Here’s a simple explanation of what happens in tour body when you eat, focusing on glucose, insulin, glucagon and GLP-1. I’ll break down step by step into easy-to- understand terms.
1. When You Eat, Your Body Gets Glucose (Sugar)
When you eat food, especially carbs like bread or rice, your body breaks them down into glucose (sugar). Glucose is the main source of energy for your body.
• Glucose enters your bloodstream, and this causes your blood sugar levels to rise.
2. Insulin: The Key to Using Glucose
Once glucose is in the blood stream, your pancreas senses that blood sugar levels are going up. In response, the pancreas releases a hormone called insulin.
• Insulin acts like the “key” that helps move glucose out of the blood and into your body’s cells (like muscles and liver), where it’s used for energy or stored for later.
• Without insulin, glucose would stay in the blood, causing blood sugar levels to remain high, which is harmful over time.
3. GLP-1: Helping Insulin and Controlling Hunger
When you eat, cells in your gut release a hormone called GLP-1 (Glucagon-Like Peptide-1). GLP-1 does a few important things:
• It tells the pancreas to release more insulin, helping lower your blood sugar
• It slows down digestion, so you feel fuller for longer.
• It signals your brain that you’ve eaten enough, which helps control hunger.
GLP-1 makes sure that your body doesn’t absorb sugar too quickly and helps regulate how much you eat.
4. Glucagon: Keeping Blood Sugar Stable When You’re Not Eating
When you haven’t eaten in a while, like between meals or while sleeping, your blood sugar levels start to drop. To keep your energy stable, the pancreas releases glucagon, another important hormone.
• Glucagon tells the liver to release stored glucose back into the blood to keep your energy levels normal.

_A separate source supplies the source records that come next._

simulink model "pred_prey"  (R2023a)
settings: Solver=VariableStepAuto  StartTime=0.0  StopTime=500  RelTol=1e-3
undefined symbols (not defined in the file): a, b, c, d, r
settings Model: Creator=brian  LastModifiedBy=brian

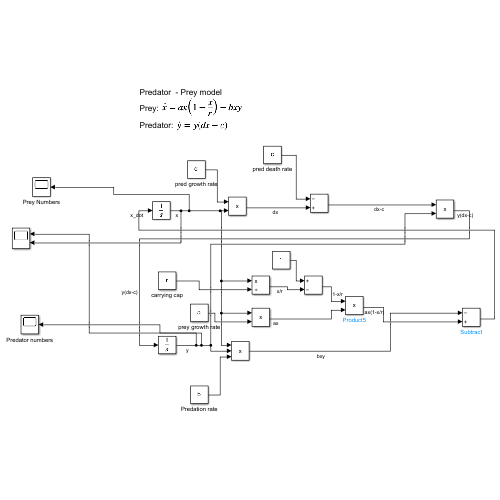
[thumbnail: Simulink's stored preview of the top-level diagram]
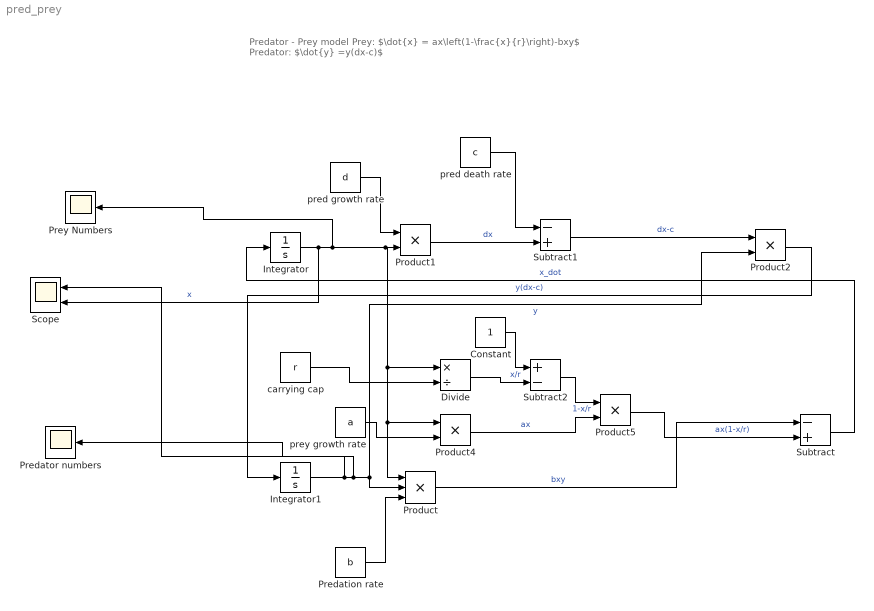
== system pred_prey ==
  note: Predator - Prey model
      | Prey: $\dot{x} = ax\left(1-\frac{x}{r}\right)-bxy$
      | Predator: $\dot{y} =y(dx-c)$
  Constant : Constant
  Divide : Product  Inputs=*/
  Integrator : Integrator  InitialCondition=19000
  Integrator1 : Integrator  InitialCondition=25
  Predation rate : Constant  Value=b
  Predator numbers : Scope
  Prey Numbers : Scope
  Product : Product  Inputs=3
  Product{1..2,4..5} (4 alike) : Product
  Scope : Scope  NumInputPorts=2
  Subtract : Sum  Inputs=-+
  Subtract1 : Sum  Inputs=-+
  Subtract2 : Sum  Inputs=+-
  carrying cap : Constant  Value=r
  pred death rate : Constant  Value=c
  pred growth rate : Constant  Value=d
  prey growth rate : Constant  Value=a
  wires:
  Integrator1/1 -> Predator numbers/1, Scope/1, Product/2, Product2/2  "y"
  Integrator/1 -> Scope/2, Prey Numbers/1, Product4/1, Product/1, Divide/1, Product1/2  "x"
  pred growth rate/1 -> Product1/1
  Predation rate/1 -> Product/3
  Product/1 -> Subtract/1  "bxy"
  Product1/1 -> Subtract1/2  "dx"
  pred death rate/1 -> Subtract1/1
  Subtract1/1 -> Product2/1  "dx-c"
  Product2/1 -> Integrator1/1  "y(dx-c)"
  Subtract/1 -> Integrator/1  "x_dot"
  prey growth rate/1 -> Product4/2
  Product4/1 -> Product5/2  "ax"
  carrying cap/1 -> Divide/2
  Divide/1 -> Subtract2/2  "x/r"
  Constant/1 -> Subtract2/1
  Subtract2/1 -> Product5/1  "1-x/r"
  Product5/1 -> Subtract/2  "ax(1-x/r)"

This prevents your blood sugar from dropping too low when you’re not eating.
• After eating, insulin and GLP-1 lower blood sugar by moving glucose into cells and slowing digestion.
• When you’re not eating, glucagon helps keep your blood sugar stable by telling the liver to release stored glucose.
I’ll give you a basic idea for visualizing this:
Visual Steps:
• Eating food: Food enters the stomach and is broken down into glucose.
• Blood sugar rises: Glucose enters the blood stream, raising blood sugar.
• Insulin release: The pancreas releases insulin which helps cells absorb glucose.
• GLP-1 in action: The gut releases GLP-1, which boosts insulin, slows digestion and reduces hunger.
• Glucagon during fasting: When you haven’t eaten for a while, glucagon from the pancreas signals the liver to release stored glucose.